Apache mod_proxy_balancer health checking

apache-2.2mod-proxy

I have 3 Apache web servers set up behind another Apache server running mod_proxy_balancer.

During today, one of the web servers got rebooted. It took about 16 minutes to reboot.

During that time, I can see the following log line every 30 seconds in the error log on my Apache mod_proxy_balancer server

[Tue Sep 30 07:04:42 2014] [error] ap_proxy_connect_backend disabling worker for (s1-sc1-c-use)

This is logged 32 times during the 16 minute outage

I am trying to figure out what is going on here. My concern is that due to deficiencies in my balancer config, that the balancer is repeatedly trying to send requests to the rebooting server (and therefore returning errors to the user).
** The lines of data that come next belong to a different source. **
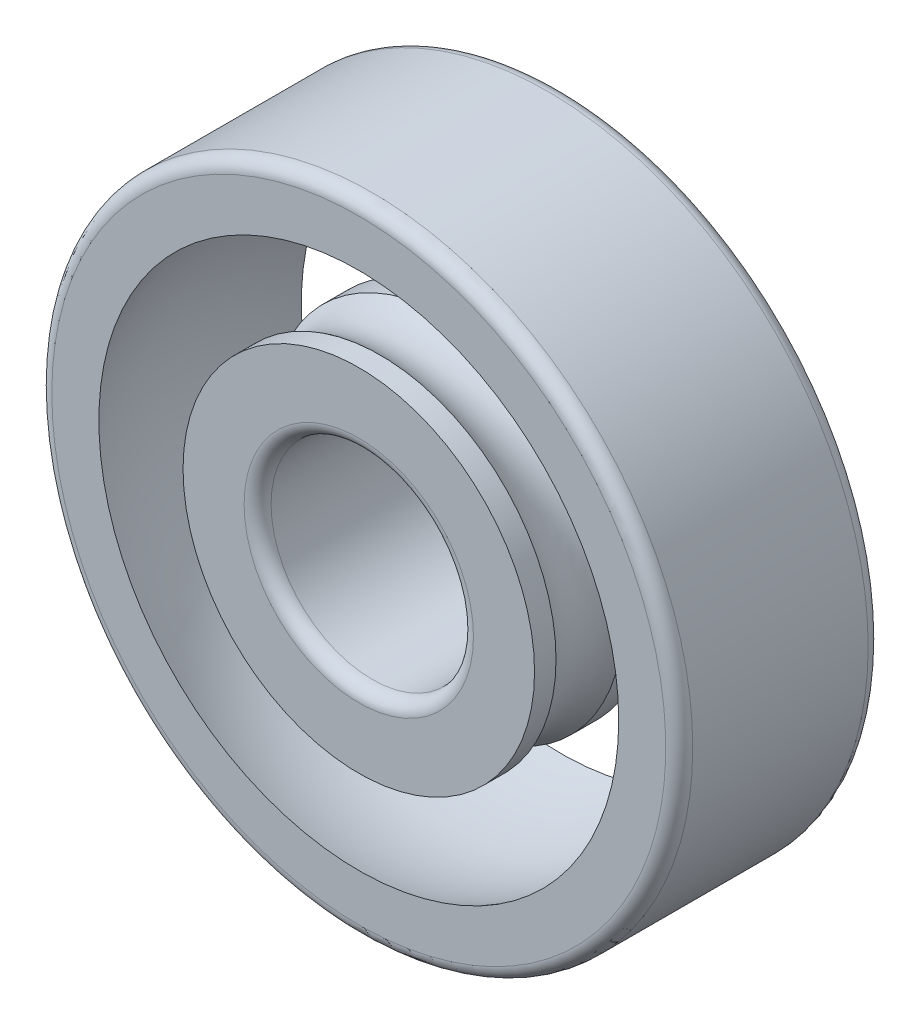
ISO-10303-21;
HEADER;
FILE_DESCRIPTION(('STEP AP214'),'2;1');
FILE_NAME('part.step','',(''),(''),'','','');
FILE_SCHEMA(('AUTOMOTIVE_DESIGN { 1 0 10303 214 1 1 1 1 }'));
ENDSEC;
DATA;
#1=APPLICATION_CONTEXT('core data for automotive mechanical design processes');
#2=APPLICATION_PROTOCOL_DEFINITION('international standard','automotive_design',2000,#1);
#3=PRODUCT_CONTEXT('',#1,'mechanical');
#4=PRODUCT('Part','Part','',(#3));
#5=PRODUCT_RELATED_PRODUCT_CATEGORY('part','',(#4));
#6=PRODUCT_DEFINITION_FORMATION('','',#4);
#7=PRODUCT_DEFINITION_CONTEXT('part definition',#1,'design');
#8=PRODUCT_DEFINITION('design','',#6,#7);
#9=PRODUCT_DEFINITION_SHAPE('','',#8);
#10=(LENGTH_UNIT() NAMED_UNIT(*) SI_UNIT(.MILLI.,.METRE.));
#11=(NAMED_UNIT(*) PLANE_ANGLE_UNIT() SI_UNIT($,.RADIAN.));
#12=(NAMED_UNIT(*) SI_UNIT($,.STERADIAN.) SOLID_ANGLE_UNIT());
#13=UNCERTAINTY_MEASURE_WITH_UNIT(LENGTH_MEASURE(1.E-05),#10,'distance_accuracy_value','');
#14=(GEOMETRIC_REPRESENTATION_CONTEXT(3) GLOBAL_UNCERTAINTY_ASSIGNED_CONTEXT((#13)) GLOBAL_UNIT_ASSIGNED_CONTEXT((#10,
#11,#12)) REPRESENTATION_CONTEXT('',''));
#15=CARTESIAN_POINT('',(0.,0.,0.));
#16=DIRECTION('',(0.,0.,1.));
#17=DIRECTION('',(1.,0.,0.));
#18=AXIS2_PLACEMENT_3D('',#15,#16,#17);
#19=CARTESIAN_POINT('',(0.,5.20999999999996,-6.00000000000001));
#20=DIRECTION('',(0.,0.,0.999999999999967));
#21=DIRECTION('',(0.999999999999967,0.,0.));
#22=AXIS2_PLACEMENT_3D('',#19,#20,#21);
#23=PLANE('',#22);
#24=CARTESIAN_POINT('',(0.,0.,-6.00000000000001));
#25=DIRECTION('',(0.,0.,0.999999999999967));
#26=DIRECTION('',(0.999999999999967,0.,0.));
#27=AXIS2_PLACEMENT_3D('',#24,#25,#26);
#28=CIRCLE('',#27,3.4);
#29=CARTESIAN_POINT('',(3.39999999999989,0.,-6.00000000000001));
#30=VERTEX_POINT('',#29);
#31=EDGE_CURVE('E13',#30,#30,#28,.T.);
#32=ORIENTED_EDGE('',*,*,#31,.T.);
#33=EDGE_LOOP('',(#32));
#34=FACE_BOUND('',#33,.T.);
#35=CARTESIAN_POINT('',(0.,0.,-6.00000000000001));
#36=DIRECTION('',(0.,0.,0.999999999999967));
#37=DIRECTION('',(0.999999999999967,0.,0.));
#38=AXIS2_PLACEMENT_3D('',#35,#36,#37);
#39=CIRCLE('',#38,5.21);
#40=CARTESIAN_POINT('',(5.20999999999983,0.,-6.00000000000001));
#41=VERTEX_POINT('',#40);
#42=EDGE_CURVE('E76',#41,#41,#39,.T.);
#43=ORIENTED_EDGE('',*,*,#42,.F.);
#44=EDGE_LOOP('',(#43));
#45=FACE_BOUND('',#44,.T.);
#46=ADVANCED_FACE('F56',(#34,#45),#23,.F.);
#47=CARTESIAN_POINT('',(0.,0.,0.));
#48=DIRECTION('',(0.,0.,0.999999999999967));
#49=DIRECTION('',(0.999999999999967,0.,0.));
#50=AXIS2_PLACEMENT_3D('',#47,#48,#49);
#51=CYLINDRICAL_SURFACE('',#50,5.21);
#52=CARTESIAN_POINT('',(0.,0.,-5.36319279495451));
#53=DIRECTION('',(0.,0.,0.999999999999967));
#54=DIRECTION('',(0.999999999999967,0.,0.));
#55=AXIS2_PLACEMENT_3D('',#52,#53,#54);
#56=CIRCLE('',#55,5.21);
#57=CARTESIAN_POINT('',(5.20999999999983,0.,-5.36319279495451));
#58=VERTEX_POINT('',#57);
#59=EDGE_CURVE('E79',#58,#58,#56,.T.);
#60=ORIENTED_EDGE('',*,*,#59,.F.);
#61=EDGE_LOOP('',(#60));
#62=FACE_BOUND('',#61,.T.);
#63=ORIENTED_EDGE('',*,*,#42,.T.);
#64=EDGE_LOOP('',(#63));
#65=FACE_BOUND('',#64,.T.);
#66=ADVANCED_FACE('F118',(#62,#65),#51,.T.);
#67=CARTESIAN_POINT('',(0.,0.,-4.375));
#68=DIRECTION('',(0.,0.,0.999999999999967));
#69=DIRECTION('',(0.999999999999967,0.,0.));
#70=AXIS2_PLACEMENT_3D('',#67,#68,#69);
#71=TOROIDAL_SURFACE('',#70,6.5,1.625);
#72=CARTESIAN_POINT('',(0.,0.,-3.38680720504549));
#73=DIRECTION('',(0.,0.,0.999999999999967));
#74=DIRECTION('',(0.999999999999967,0.,0.));
#75=AXIS2_PLACEMENT_3D('',#72,#73,#74);
#76=CIRCLE('',#75,5.21);
#77=CARTESIAN_POINT('',(5.20999999999983,0.,-3.38680720504549));
#78=VERTEX_POINT('',#77);
#79=EDGE_CURVE('E82',#78,#78,#76,.T.);
#80=ORIENTED_EDGE('',*,*,#79,.F.);
#81=EDGE_LOOP('',(#80));
#82=FACE_BOUND('',#81,.T.);
#83=ORIENTED_EDGE('',*,*,#59,.T.);
#84=EDGE_LOOP('',(#83));
#85=FACE_BOUND('',#84,.T.);
#86=ADVANCED_FACE('F112',(#82,#85),#71,.F.);
#87=CARTESIAN_POINT('',(0.,0.,0.));
#88=DIRECTION('',(0.,0.,0.999999999999967));
#89=DIRECTION('',(0.999999999999967,0.,0.));
#90=AXIS2_PLACEMENT_3D('',#87,#88,#89);
#91=CYLINDRICAL_SURFACE('',#90,5.21);
#92=CARTESIAN_POINT('',(0.,0.,-2.61319279495451));
#93=DIRECTION('',(0.,0.,0.999999999999967));
#94=DIRECTION('',(0.999999999999967,0.,0.));
#95=AXIS2_PLACEMENT_3D('',#92,#93,#94);
#96=CIRCLE('',#95,5.21);
#97=CARTESIAN_POINT('',(5.20999999999983,0.,-2.61319279495451));
#98=VERTEX_POINT('',#97);
#99=EDGE_CURVE('E85',#98,#98,#96,.T.);
#100=ORIENTED_EDGE('',*,*,#99,.F.);
#101=EDGE_LOOP('',(#100));
#102=FACE_BOUND('',#101,.T.);
#103=ORIENTED_EDGE('',*,*,#79,.T.);
#104=EDGE_LOOP('',(#103));
#105=FACE_BOUND('',#104,.T.);
#106=ADVANCED_FACE('F106',(#102,#105),#91,.T.);
#107=CARTESIAN_POINT('',(0.,0.,-1.625));
#108=DIRECTION('',(0.,0.,0.999999999999967));
#109=DIRECTION('',(0.999999999999967,0.,0.));
#110=AXIS2_PLACEMENT_3D('',#107,#108,#109);
#111=TOROIDAL_SURFACE('',#110,6.5,1.625);
#112=CARTESIAN_POINT('',(0.,0.,-0.636807205045498));
#113=DIRECTION('',(0.,0.,0.999999999999967));
#114=DIRECTION('',(0.999999999999967,0.,0.));
#115=AXIS2_PLACEMENT_3D('',#112,#113,#114);
#116=CIRCLE('',#115,5.21);
#117=CARTESIAN_POINT('',(5.20999999999983,0.,-0.636807205045498));
#118=VERTEX_POINT('',#117);
#119=EDGE_CURVE('E88',#118,#118,#116,.T.);
#120=ORIENTED_EDGE('',*,*,#119,.F.);
#121=EDGE_LOOP('',(#120));
#122=FACE_BOUND('',#121,.T.);
#123=ORIENTED_EDGE('',*,*,#99,.T.);
#124=EDGE_LOOP('',(#123));
#125=FACE_BOUND('',#124,.T.);
#126=ADVANCED_FACE('F100',(#122,#125),#111,.F.);
#127=CARTESIAN_POINT('',(0.,0.,0.));
#128=DIRECTION('',(0.,0.,0.999999999999967));
#129=DIRECTION('',(0.999999999999967,0.,0.));
#130=AXIS2_PLACEMENT_3D('',#127,#128,#129);
#131=CYLINDRICAL_SURFACE('',#130,5.21);
#132=CARTESIAN_POINT('',(0.,0.,0.));
#133=DIRECTION('',(0.,0.,0.999999999999967));
#134=DIRECTION('',(0.999999999999967,0.,0.));
#135=AXIS2_PLACEMENT_3D('',#132,#133,#134);
#136=CIRCLE('',#135,5.21);
#137=CARTESIAN_POINT('',(5.20999999999983,0.,0.));
#138=VERTEX_POINT('',#137);
#139=EDGE_CURVE('E91',#138,#138,#136,.T.);
#140=ORIENTED_EDGE('',*,*,#139,.F.);
#141=EDGE_LOOP('',(#140));
#142=FACE_BOUND('',#141,.T.);
#143=ORIENTED_EDGE('',*,*,#119,.T.);
#144=EDGE_LOOP('',(#143));
#145=FACE_BOUND('',#144,.T.);
#146=ADVANCED_FACE('F97',(#142,#145),#131,.T.);
#147=CARTESIAN_POINT('',(0.,5.20999999999996,0.));
#148=DIRECTION('',(0.,0.,-0.999999999999967));
#149=DIRECTION('',(-0.999999999999967,0.,0.));
#150=AXIS2_PLACEMENT_3D('',#147,#148,#149);
#151=PLANE('',#150);
#152=CARTESIAN_POINT('',(0.,0.,0.));
#153=DIRECTION('',(0.,0.,-0.999999999999967));
#154=DIRECTION('',(-0.999999999999967,0.,0.));
#155=AXIS2_PLACEMENT_3D('',#152,#153,#154);
#156=CIRCLE('',#155,3.4);
#157=CARTESIAN_POINT('',(-3.39999999999989,0.,0.));
#158=VERTEX_POINT('',#157);
#159=EDGE_CURVE('E63',#158,#158,#156,.T.);
#160=ORIENTED_EDGE('',*,*,#159,.T.);
#161=EDGE_LOOP('',(#160));
#162=FACE_BOUND('',#161,.T.);
#163=ORIENTED_EDGE('',*,*,#139,.T.);
#164=EDGE_LOOP('',(#163));
#165=FACE_BOUND('',#164,.T.);
#166=ADVANCED_FACE('F95',(#162,#165),#151,.F.);
#167=CARTESIAN_POINT('',(0.,0.,0.));
#168=DIRECTION('',(0.,0.,0.999999999999967));
#169=DIRECTION('',(0.999999999999967,0.,0.));
#170=AXIS2_PLACEMENT_3D('',#167,#168,#169);
#171=CYLINDRICAL_SURFACE('',#170,3.);
#172=CARTESIAN_POINT('',(0.,0.,-0.399999999999998));
#173=DIRECTION('',(0.,0.,-0.999999999999967));
#174=DIRECTION('',(-0.999999999999967,0.,0.));
#175=AXIS2_PLACEMENT_3D('',#172,#173,#174);
#176=CIRCLE('',#175,3.);
#177=CARTESIAN_POINT('',(-2.9999999999999,0.,-0.399999999999998));
#178=VERTEX_POINT('',#177);
#179=EDGE_CURVE('E67',#178,#178,#176,.F.);
#180=ORIENTED_EDGE('',*,*,#179,.T.);
#181=EDGE_LOOP('',(#180));
#182=FACE_BOUND('',#181,.T.);
#183=CARTESIAN_POINT('',(0.,0.,-5.59999999999999));
#184=DIRECTION('',(0.,0.,0.999999999999967));
#185=DIRECTION('',(0.999999999999967,0.,0.));
#186=AXIS2_PLACEMENT_3D('',#183,#184,#185);
#187=CIRCLE('',#186,3.);
#188=CARTESIAN_POINT('',(2.9999999999999,0.,-5.59999999999999));
#189=VERTEX_POINT('',#188);
#190=EDGE_CURVE('E71',#189,#189,#187,.F.);
#191=ORIENTED_EDGE('',*,*,#190,.T.);
#192=EDGE_LOOP('',(#191));
#193=FACE_BOUND('',#192,.T.);
#194=ADVANCED_FACE('F133',(#182,#193),#171,.F.);
#195=CARTESIAN_POINT('',(0.,0.,-0.399999999999998));
#196=DIRECTION('',(0.,0.,-0.999999999999967));
#197=DIRECTION('',(-0.999999999999967,0.,0.));
#198=AXIS2_PLACEMENT_3D('',#195,#196,#197);
#199=TOROIDAL_SURFACE('',#198,3.4,0.4);
#200=ORIENTED_EDGE('',*,*,#159,.F.);
#201=EDGE_LOOP('',(#200));
#202=FACE_BOUND('',#201,.T.);
#203=ORIENTED_EDGE('',*,*,#179,.F.);
#204=EDGE_LOOP('',(#203));
#205=FACE_BOUND('',#204,.T.);
#206=ADVANCED_FACE('F131',(#202,#205),#199,.T.);
#207=CARTESIAN_POINT('',(0.,0.,-5.59999999999999));
#208=DIRECTION('',(0.,0.,0.999999999999967));
#209=DIRECTION('',(0.999999999999967,0.,0.));
#210=AXIS2_PLACEMENT_3D('',#207,#208,#209);
#211=TOROIDAL_SURFACE('',#210,3.4,0.4);
#212=ORIENTED_EDGE('',*,*,#190,.F.);
#213=EDGE_LOOP('',(#212));
#214=FACE_BOUND('',#213,.T.);
#215=ORIENTED_EDGE('',*,*,#31,.F.);
#216=EDGE_LOOP('',(#215));
#217=FACE_BOUND('',#216,.T.);
#218=ADVANCED_FACE('F58',(#214,#217),#211,.T.);
#219=CLOSED_SHELL('',(#46,#66,#86,#106,#126,#146,#166,#194,#206,#218));
#220=MANIFOLD_SOLID_BREP('B2',#219);
#221=CARTESIAN_POINT('',(0.,9.49999999999996,0.));
#222=DIRECTION('',(0.,0.,-0.999999999999967));
#223=DIRECTION('',(-0.999999999999967,0.,0.));
#224=AXIS2_PLACEMENT_3D('',#221,#222,#223);
#225=PLANE('',#224);
#226=CARTESIAN_POINT('',(0.,0.,0.));
#227=DIRECTION('',(0.,0.,-0.999999999999967));
#228=DIRECTION('',(-0.999999999999967,0.,0.));
#229=AXIS2_PLACEMENT_3D('',#226,#227,#228);
#230=CIRCLE('',#229,9.1);
#231=CARTESIAN_POINT('',(-9.0999999999997,0.,0.));
#232=VERTEX_POINT('',#231);
#233=EDGE_CURVE('E55',#232,#232,#230,.F.);
#234=ORIENTED_EDGE('',*,*,#233,.T.);
#235=EDGE_LOOP('',(#234));
#236=FACE_BOUND('',#235,.T.);
#237=CARTESIAN_POINT('',(0.,0.,0.));
#238=DIRECTION('',(0.,0.,0.999999999999967));
#239=DIRECTION('',(0.999999999999967,0.,0.));
#240=AXIS2_PLACEMENT_3D('',#237,#238,#239);
#241=CIRCLE('',#240,7.70543533371848);
#242=CARTESIAN_POINT('',(7.70543533371822,0.,0.));
#243=VERTEX_POINT('',#242);
#244=EDGE_CURVE('E213',#243,#243,#241,.T.);
#245=ORIENTED_EDGE('',*,*,#244,.F.);
#246=EDGE_LOOP('',(#245));
#247=FACE_BOUND('',#246,.T.);
#248=ADVANCED_FACE('F193',(#236,#247),#225,.F.);
#249=CARTESIAN_POINT('',(0.,0.,-3.));
#250=DIRECTION('',(0.,0.,0.999999999999967));
#251=DIRECTION('',(0.,1.,0.));
#252=AXIS2_PLACEMENT_3D('',#249,#250,#251);
#253=SPHERICAL_SURFACE('',#252,8.26884113295915);
#254=CARTESIAN_POINT('',(0.,0.,-5.99999999999999));
#255=DIRECTION('',(0.,0.,0.999999999999967));
#256=DIRECTION('',(0.999999999999967,0.,0.));
#257=AXIS2_PLACEMENT_3D('',#254,#255,#256);
#258=CIRCLE('',#257,7.70543533371848);
#259=CARTESIAN_POINT('',(7.70543533371823,0.,-5.99999999999999));
#260=VERTEX_POINT('',#259);
#261=EDGE_CURVE('E216',#260,#260,#258,.T.);
#262=ORIENTED_EDGE('',*,*,#261,.F.);
#263=EDGE_LOOP('',(#262));
#264=FACE_BOUND('',#263,.T.);
#265=ORIENTED_EDGE('',*,*,#244,.T.);
#266=EDGE_LOOP('',(#265));
#267=FACE_BOUND('',#266,.T.);
#268=ADVANCED_FACE('F222',(#264,#267),#253,.F.);
#269=CARTESIAN_POINT('',(0.,9.49999999999996,-6.00000000000001));
#270=DIRECTION('',(0.,0.,0.999999999999967));
#271=DIRECTION('',(0.999999999999967,0.,0.));
#272=AXIS2_PLACEMENT_3D('',#269,#270,#271);
#273=PLANE('',#272);
#274=CARTESIAN_POINT('',(0.,0.,-6.00000000000001));
#275=DIRECTION('',(0.,0.,0.999999999999967));
#276=DIRECTION('',(0.999999999999967,0.,0.));
#277=AXIS2_PLACEMENT_3D('',#274,#275,#276);
#278=CIRCLE('',#277,9.1);
#279=CARTESIAN_POINT('',(9.0999999999997,0.,-6.00000000000001));
#280=VERTEX_POINT('',#279);
#281=EDGE_CURVE('E200',#280,#280,#278,.F.);
#282=ORIENTED_EDGE('',*,*,#281,.T.);
#283=EDGE_LOOP('',(#282));
#284=FACE_BOUND('',#283,.T.);
#285=ORIENTED_EDGE('',*,*,#261,.T.);
#286=EDGE_LOOP('',(#285));
#287=FACE_BOUND('',#286,.T.);
#288=ADVANCED_FACE('F220',(#284,#287),#273,.F.);
#289=CARTESIAN_POINT('',(0.,0.,0.));
#290=DIRECTION('',(0.,0.,0.999999999999967));
#291=DIRECTION('',(0.999999999999967,0.,0.));
#292=AXIS2_PLACEMENT_3D('',#289,#290,#291);
#293=CYLINDRICAL_SURFACE('',#292,9.5);
#294=CARTESIAN_POINT('',(0.,0.,-5.59999999999999));
#295=DIRECTION('',(0.,0.,0.999999999999967));
#296=DIRECTION('',(0.999999999999967,0.,0.));
#297=AXIS2_PLACEMENT_3D('',#294,#295,#296);
#298=CIRCLE('',#297,9.5);
#299=CARTESIAN_POINT('',(9.49999999999968,0.,-5.59999999999999));
#300=VERTEX_POINT('',#299);
#301=EDGE_CURVE('E204',#300,#300,#298,.T.);
#302=ORIENTED_EDGE('',*,*,#301,.T.);
#303=EDGE_LOOP('',(#302));
#304=FACE_BOUND('',#303,.T.);
#305=CARTESIAN_POINT('',(0.,0.,-0.399999999999998));
#306=DIRECTION('',(0.,0.,-0.999999999999967));
#307=DIRECTION('',(-0.999999999999967,0.,0.));
#308=AXIS2_PLACEMENT_3D('',#305,#306,#307);
#309=CIRCLE('',#308,9.5);
#310=CARTESIAN_POINT('',(-9.49999999999968,0.,-0.399999999999998));
#311=VERTEX_POINT('',#310);
#312=EDGE_CURVE('E208',#311,#311,#309,.T.);
#313=ORIENTED_EDGE('',*,*,#312,.T.);
#314=EDGE_LOOP('',(#313));
#315=FACE_BOUND('',#314,.T.);
#316=ADVANCED_FACE('F235',(#304,#315),#293,.T.);
#317=CARTESIAN_POINT('',(0.,0.,-5.59999999999999));
#318=DIRECTION('',(0.,0.,0.999999999999967));
#319=DIRECTION('',(0.999999999999967,0.,0.));
#320=AXIS2_PLACEMENT_3D('',#317,#318,#319);
#321=TOROIDAL_SURFACE('',#320,9.1,0.4);
#322=ORIENTED_EDGE('',*,*,#281,.F.);
#323=EDGE_LOOP('',(#322));
#324=FACE_BOUND('',#323,.T.);
#325=ORIENTED_EDGE('',*,*,#301,.F.);
#326=EDGE_LOOP('',(#325));
#327=FACE_BOUND('',#326,.T.);
#328=ADVANCED_FACE('F233',(#324,#327),#321,.T.);
#329=CARTESIAN_POINT('',(0.,0.,-0.399999999999998));
#330=DIRECTION('',(0.,0.,-0.999999999999967));
#331=DIRECTION('',(-0.999999999999967,0.,0.));
#332=AXIS2_PLACEMENT_3D('',#329,#330,#331);
#333=TOROIDAL_SURFACE('',#332,9.1,0.4);
#334=ORIENTED_EDGE('',*,*,#312,.F.);
#335=EDGE_LOOP('',(#334));
#336=FACE_BOUND('',#335,.T.);
#337=ORIENTED_EDGE('',*,*,#233,.F.);
#338=EDGE_LOOP('',(#337));
#339=FACE_BOUND('',#338,.T.);
#340=ADVANCED_FACE('F195',(#336,#339),#333,.T.);
#341=CLOSED_SHELL('',(#248,#268,#288,#316,#328,#340));
#342=MANIFOLD_SOLID_BREP('B8',#341);
#343=ADVANCED_BREP_SHAPE_REPRESENTATION('',(#18,#220,#342),#14);
#344=SHAPE_DEFINITION_REPRESENTATION(#9,#343);
ENDSEC;
END-ISO-10303-21;

Why is Apache repeatedly telling me that it is "disabling worker"? Does the balancer module intermittently send user requests to the failing node, to try and determine if it is back up, or does it have its own internal health checking mechanism that is invisible to the user?

Best Answer

OK. I can explain this.

Apache mod_proxy_balancer doesn't have its own independent healthcheck mechanism. The state of Balancer Members (workers) is determined based on outcome of actual forwarded users requests.

Sequence is as follows:

  1. Apache httpd sends request to worker
  2. Worker doesn't respond, or responds with HTTP status which triggers failover,and puts member into ERR state
  3. Apache httpd starts retry timer (default 60 secs) and doesn't send any more requests until retry timer expires
  4. When retry timer expires, go back to Step 1 in sequence

My retry value is 60 secs (default).

The reason I am seeing multiple log entries is that my Apache httpd Balancer is configured with multiple balancers, each with its own independent retry timer.

As such, depending on application activity, the retry timers are being reset arbitrarily, and being tested arbitrarily, which explains the non-uniform distribution of worker status updates in the log.